Abstract: SA-PO0248
Nonequilibrium Voclosporin Disposition Following IV and Oral (PO) Administration: Tissue Levels in Kidney, Liver, Pancreas, and Heart Distinct from Plasma Drug Levels and Dependent on Route of Administration
Session Information
- Pharmacology
November 08, 2025 | Location: Exhibit Hall, Convention Center
Abstract Time: 10:00 AM - 12:00 PM
Category: Pharmacology (PharmacoKinetics, -Dynamics, -Genomics)

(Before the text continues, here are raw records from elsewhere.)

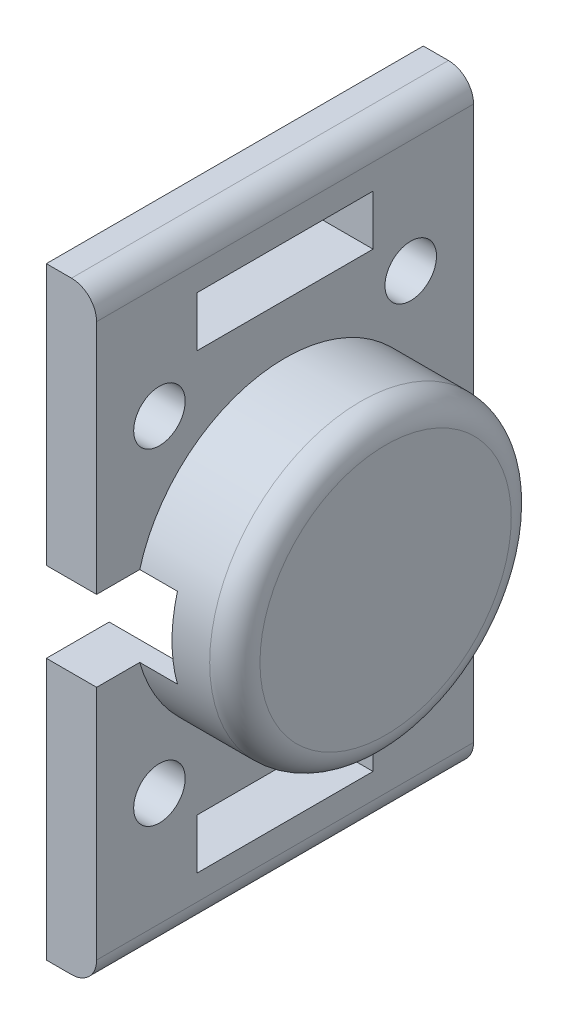
ISO-10303-21;
HEADER;
FILE_DESCRIPTION(('STEP AP214'),'2;1');
FILE_NAME('part.step','',(''),(''),'','','');
FILE_SCHEMA(('AUTOMOTIVE_DESIGN { 1 0 10303 214 1 1 1 1 }'));
ENDSEC;
DATA;
#1=APPLICATION_CONTEXT('core data for automotive mechanical design processes');
#2=APPLICATION_PROTOCOL_DEFINITION('international standard','automotive_design',2000,#1);
#3=PRODUCT_CONTEXT('',#1,'mechanical');
#4=PRODUCT('Part','Part','',(#3));
#5=PRODUCT_RELATED_PRODUCT_CATEGORY('part','',(#4));
#6=PRODUCT_DEFINITION_FORMATION('','',#4);
#7=PRODUCT_DEFINITION_CONTEXT('part definition',#1,'design');
#8=PRODUCT_DEFINITION('design','',#6,#7);
#9=PRODUCT_DEFINITION_SHAPE('','',#8);
#10=(LENGTH_UNIT() NAMED_UNIT(*) SI_UNIT(.MILLI.,.METRE.));
#11=(NAMED_UNIT(*) PLANE_ANGLE_UNIT() SI_UNIT($,.RADIAN.));
#12=(NAMED_UNIT(*) SI_UNIT($,.STERADIAN.) SOLID_ANGLE_UNIT());
#13=UNCERTAINTY_MEASURE_WITH_UNIT(LENGTH_MEASURE(1.E-05),#10,'distance_accuracy_value','');
#14=(GEOMETRIC_REPRESENTATION_CONTEXT(3) GLOBAL_UNCERTAINTY_ASSIGNED_CONTEXT((#13)) GLOBAL_UNIT_ASSIGNED_CONTEXT((#10,
#11,#12)) REPRESENTATION_CONTEXT('',''));
#15=CARTESIAN_POINT('',(0.,0.,0.));
#16=DIRECTION('',(0.,0.,1.));
#17=DIRECTION('',(1.,0.,0.));
#18=AXIS2_PLACEMENT_3D('',#15,#16,#17);
#19=CARTESIAN_POINT('',(-6.,-12.,0.));
#20=DIRECTION('',(0.,0.,-1.));
#21=DIRECTION('',(-1.,0.,0.));
#22=AXIS2_PLACEMENT_3D('',#19,#20,#21);
#23=PLANE('',#22);
#24=DIRECTION('',(0.,-1.,0.));
#25=VECTOR('',#24,1.);
#26=CARTESIAN_POINT('',(-4.,-12.,0.));
#27=LINE('',#26,#25);
#28=CARTESIAN_POINT('',(-4.,11.,0.));
#29=VERTEX_POINT('',#28);
#30=CARTESIAN_POINT('',(-4.,1.6,0.));
#31=VERTEX_POINT('',#30);
#32=EDGE_CURVE('E198',#29,#31,#27,.T.);
#33=ORIENTED_EDGE('',*,*,#32,.F.);
#34=CARTESIAN_POINT('',(-5.,11.,0.));
#35=DIRECTION('',(0.,0.,-1.));
#36=DIRECTION('',(-1.,0.,0.));
#37=AXIS2_PLACEMENT_3D('',#34,#35,#36);
#38=CIRCLE('',#37,1.);
#39=CARTESIAN_POINT('',(-5.,12.,0.));
#40=VERTEX_POINT('',#39);
#41=EDGE_CURVE('E66',#29,#40,#38,.F.);
#42=ORIENTED_EDGE('',*,*,#41,.T.);
#43=DIRECTION('',(1.,0.,0.));
#44=VECTOR('',#43,1.);
#45=CARTESIAN_POINT('',(-6.,12.,0.));
#46=LINE('',#45,#44);
#47=CARTESIAN_POINT('',(-6.,12.,0.));
#48=VERTEX_POINT('',#47);
#49=EDGE_CURVE('E354',#48,#40,#46,.T.);
#50=ORIENTED_EDGE('',*,*,#49,.F.);
#51=DIRECTION('',(0.,1.,0.));
#52=VECTOR('',#51,1.);
#53=CARTESIAN_POINT('',(-6.,-12.,0.));
#54=LINE('',#53,#52);
#55=CARTESIAN_POINT('',(-6.,1.6,0.));
#56=VERTEX_POINT('',#55);
#57=EDGE_CURVE('E327',#56,#48,#54,.T.);
#58=ORIENTED_EDGE('',*,*,#57,.F.);
#59=DIRECTION('',(-1.,0.,0.));
#60=VECTOR('',#59,1.);
#61=CARTESIAN_POINT('',(-6.,1.6,0.));
#62=LINE('',#61,#60);
#63=EDGE_CURVE('E303',#31,#56,#62,.T.);
#64=ORIENTED_EDGE('',*,*,#63,.F.);
#65=EDGE_LOOP('',(#33,#42,#50,#58,#64));
#66=FACE_BOUND('',#65,.T.);
#67=ADVANCED_FACE('F50',(#66),#23,.F.);
#68=DIRECTION('',(1.,0.,0.));
#69=VECTOR('',#68,1.);
#70=CARTESIAN_POINT('',(-6.,-12.,0.));
#71=LINE('',#70,#69);
#72=CARTESIAN_POINT('',(-6.,-12.,0.));
#73=VERTEX_POINT('',#72);
#74=CARTESIAN_POINT('',(-5.,-12.,0.));
#75=VERTEX_POINT('',#74);
#76=EDGE_CURVE('E344',#73,#75,#71,.T.);
#77=ORIENTED_EDGE('',*,*,#76,.T.);
#78=CARTESIAN_POINT('',(-5.,-11.,0.));
#79=DIRECTION('',(0.,0.,-1.));
#80=DIRECTION('',(-1.,0.,0.));
#81=AXIS2_PLACEMENT_3D('',#78,#79,#80);
#82=CIRCLE('',#81,1.);
#83=CARTESIAN_POINT('',(-4.,-11.,0.));
#84=VERTEX_POINT('',#83);
#85=EDGE_CURVE('E396',#75,#84,#82,.F.);
#86=ORIENTED_EDGE('',*,*,#85,.T.);
#87=CARTESIAN_POINT('',(-4.,-1.6,0.));
#88=VERTEX_POINT('',#87);
#89=EDGE_CURVE('E444',#88,#84,#27,.T.);
#90=ORIENTED_EDGE('',*,*,#89,.F.);
#91=DIRECTION('',(1.,0.,0.));
#92=VECTOR('',#91,1.);
#93=CARTESIAN_POINT('',(-6.,-1.6,0.));
#94=LINE('',#93,#92);
#95=CARTESIAN_POINT('',(-6.,-1.6,0.));
#96=VERTEX_POINT('',#95);
#97=EDGE_CURVE('E299',#96,#88,#94,.T.);
#98=ORIENTED_EDGE('',*,*,#97,.F.);
#99=EDGE_CURVE('E331',#73,#96,#54,.T.);
#100=ORIENTED_EDGE('',*,*,#99,.F.);
#101=EDGE_LOOP('',(#77,#86,#90,#98,#100));
#102=FACE_BOUND('',#101,.T.);
#103=ADVANCED_FACE('F419',(#102),#23,.F.);
#104=CARTESIAN_POINT('',(-6.,12.,-15.));
#105=DIRECTION('',(0.,-1.,0.));
#106=DIRECTION('',(0.,0.,-1.));
#107=AXIS2_PLACEMENT_3D('',#104,#105,#106);
#108=PLANE('',#107);
#109=ORIENTED_EDGE('',*,*,#49,.T.);
#110=DIRECTION('',(0.,0.,1.));
#111=VECTOR('',#110,1.);
#112=CARTESIAN_POINT('',(-5.,12.,-15.));
#113=LINE('',#112,#111);
#114=CARTESIAN_POINT('',(-5.,12.,-15.));
#115=VERTEX_POINT('',#114);
#116=EDGE_CURVE('E401',#40,#115,#113,.F.);
#117=ORIENTED_EDGE('',*,*,#116,.T.);
#118=DIRECTION('',(1.,0.,0.));
#119=VECTOR('',#118,1.);
#120=CARTESIAN_POINT('',(-6.,12.,-15.));
#121=LINE('',#120,#119);
#122=CARTESIAN_POINT('',(-6.,12.,-15.));
#123=VERTEX_POINT('',#122);
#124=EDGE_CURVE('E350',#123,#115,#121,.T.);
#125=ORIENTED_EDGE('',*,*,#124,.F.);
#126=DIRECTION('',(0.,0.,-1.));
#127=VECTOR('',#126,1.);
#128=CARTESIAN_POINT('',(-6.,12.,-15.));
#129=LINE('',#128,#127);
#130=EDGE_CURVE('E335',#48,#123,#129,.T.);
#131=ORIENTED_EDGE('',*,*,#130,.F.);
#132=EDGE_LOOP('',(#109,#117,#125,#131));
#133=FACE_BOUND('',#132,.T.);
#134=ADVANCED_FACE('F425',(#133),#108,.F.);
#135=CARTESIAN_POINT('',(-6.,-12.,-15.));
#136=DIRECTION('',(0.,0.,1.));
#137=DIRECTION('',(1.,0.,0.));
#138=AXIS2_PLACEMENT_3D('',#135,#136,#137);
#139=PLANE('',#138);
#140=DIRECTION('',(0.,1.,0.));
#141=VECTOR('',#140,1.);
#142=CARTESIAN_POINT('',(-4.,-12.,-15.));
#143=LINE('',#142,#141);
#144=CARTESIAN_POINT('',(-4.,-11.,-15.));
#145=VERTEX_POINT('',#144);
#146=CARTESIAN_POINT('',(-4.,11.,-15.));
#147=VERTEX_POINT('',#146);
#148=EDGE_CURVE('E450',#145,#147,#143,.T.);
#149=ORIENTED_EDGE('',*,*,#148,.F.);
#150=CARTESIAN_POINT('',(-5.,-11.,-15.));
#151=DIRECTION('',(0.,0.,1.));
#152=DIRECTION('',(1.,0.,0.));
#153=AXIS2_PLACEMENT_3D('',#150,#151,#152);
#154=CIRCLE('',#153,1.);
#155=CARTESIAN_POINT('',(-5.,-12.,-15.));
#156=VERTEX_POINT('',#155);
#157=EDGE_CURVE('E391',#145,#156,#154,.F.);
#158=ORIENTED_EDGE('',*,*,#157,.T.);
#159=DIRECTION('',(1.,0.,0.));
#160=VECTOR('',#159,1.);
#161=CARTESIAN_POINT('',(-6.,-12.,-15.));
#162=LINE('',#161,#160);
#163=CARTESIAN_POINT('',(-6.,-12.,-15.));
#164=VERTEX_POINT('',#163);
#165=EDGE_CURVE('E347',#164,#156,#162,.T.);
#166=ORIENTED_EDGE('',*,*,#165,.F.);
#167=DIRECTION('',(0.,-1.,0.));
#168=VECTOR('',#167,1.);
#169=CARTESIAN_POINT('',(-6.,-12.,-15.));
#170=LINE('',#169,#168);
#171=EDGE_CURVE('E338',#123,#164,#170,.T.);
#172=ORIENTED_EDGE('',*,*,#171,.F.);
#173=ORIENTED_EDGE('',*,*,#124,.T.);
#174=CARTESIAN_POINT('',(-5.,11.,-15.));
#175=DIRECTION('',(0.,0.,1.));
#176=DIRECTION('',(1.,0.,0.));
#177=AXIS2_PLACEMENT_3D('',#174,#175,#176);
#178=CIRCLE('',#177,1.);
#179=EDGE_CURVE('E388',#115,#147,#178,.F.);
#180=ORIENTED_EDGE('',*,*,#179,.T.);
#181=EDGE_LOOP('',(#149,#158,#166,#172,#173,#180));
#182=FACE_BOUND('',#181,.T.);
#183=ADVANCED_FACE('F522',(#182),#139,.F.);
#184=CARTESIAN_POINT('',(-6.,-12.,-15.));
#185=DIRECTION('',(0.,1.,0.));
#186=DIRECTION('',(0.,0.,1.));
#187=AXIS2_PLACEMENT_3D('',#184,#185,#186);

- 2000 Pharmacology (PharmacoKinetics, -Dynamics, -Genomics)
Authors
- Zhou, Simon, Aurinia Pharmaceuticals Inc, Edmonton, Alberta, Canada
- Duan, Shengnan, University of Michigan, Ann Arbor, Michigan, United States
- Wen, Bo, University of Michigan, Ann Arbor, Michigan, United States
- Im, Seol Hee, iCura Diagnostics, Inc., Malvern, Pennsylvania, United States
- Davis, Kathleen O'Rourke, iCura Diagnostics, Inc., Malvern, Pennsylvania, United States
- Rehaume, Linda M., Aurinia Pharmaceuticals Inc, Edmonton, Alberta, Canada
- Song, Buer, iCura Diagnostics, Inc., Malvern, Pennsylvania, United States
- Sun, Duxin, University of Michigan, Ann Arbor, Michigan, United States
Background
Voclosporin (VCS) is approved for the treatment of adults with active lupus nephritis (LN). In this study, we assess VCS oral bioavailability and corresponding drug levels in mice kidney, liver, pancreas and heart tissues.
Methods
A single dose of 2.5 mg/kg VCS was administered IV or PO in mice (n=3/group). Plasma was collected at 0.5, 1, 2, 4, 7, 12 and 24 hrs, and kidney, liver, pancreas and heart tissues were collected at 0.5, 4, and 12 hrs. Samples were homogenized, and VCS was quantified in plasma and tissue samples by LC-MS. Multiplex fluorescent imaging was used to detect VCS within tissues.
Results
VCS IV clearance was ~30 mL/mL/kg and absolute oral bioavailability was 4.3% in mice. IV and PO administration of VCS yielded higher tissue concentrations than plasma suggesting rapid distribution into tissues. The ratios of VCS in liver vs. plasma following PO administration at 8 and 24 hrs were 46.1 and 136.4 as compared to 28.9 and 27.2 at 8 and 24 hrs following IV administration. In contrast, the ratios of VCS following IV administration in kidney, pancreas and heart vs plasma at 8 hrs were significantly higher than the respective ratios at 8 hrs following PO administration. Kidney imaging showed rapid elimination of VCS from cortex to medulla following both IV and PO administration. There was no VCS retention in podocytes or proximal tubules. While the LC-MS detected higher VCS in kidney at 24 hrs with IV than PO, there appeared no difference in the imaging of VCS from cortex to medulla, likely by higher VCS in urine following IV administration.
Conclusion
With rapid hepatic clearance and poor oral absorption, the absolute oral bioavailability of VCS is less than 5% in mice. VCS rapidly distributes into tissues of liver, kidney, pancreas and heart. Compared to IV administration, oral administration was associated with lower plasma concentrations with significantly higher hepatic uptake/retention and lower pancreatic and cardiac uptake/retention. Consistent with non-equilibrium disposition dependent on route of administration and blood flow, VCS demonstrates distinct tissue distribution not directly correlated with plasma drug levels.
Funding
- Commercial Support – Aurinia Pharmaceuticals Inc.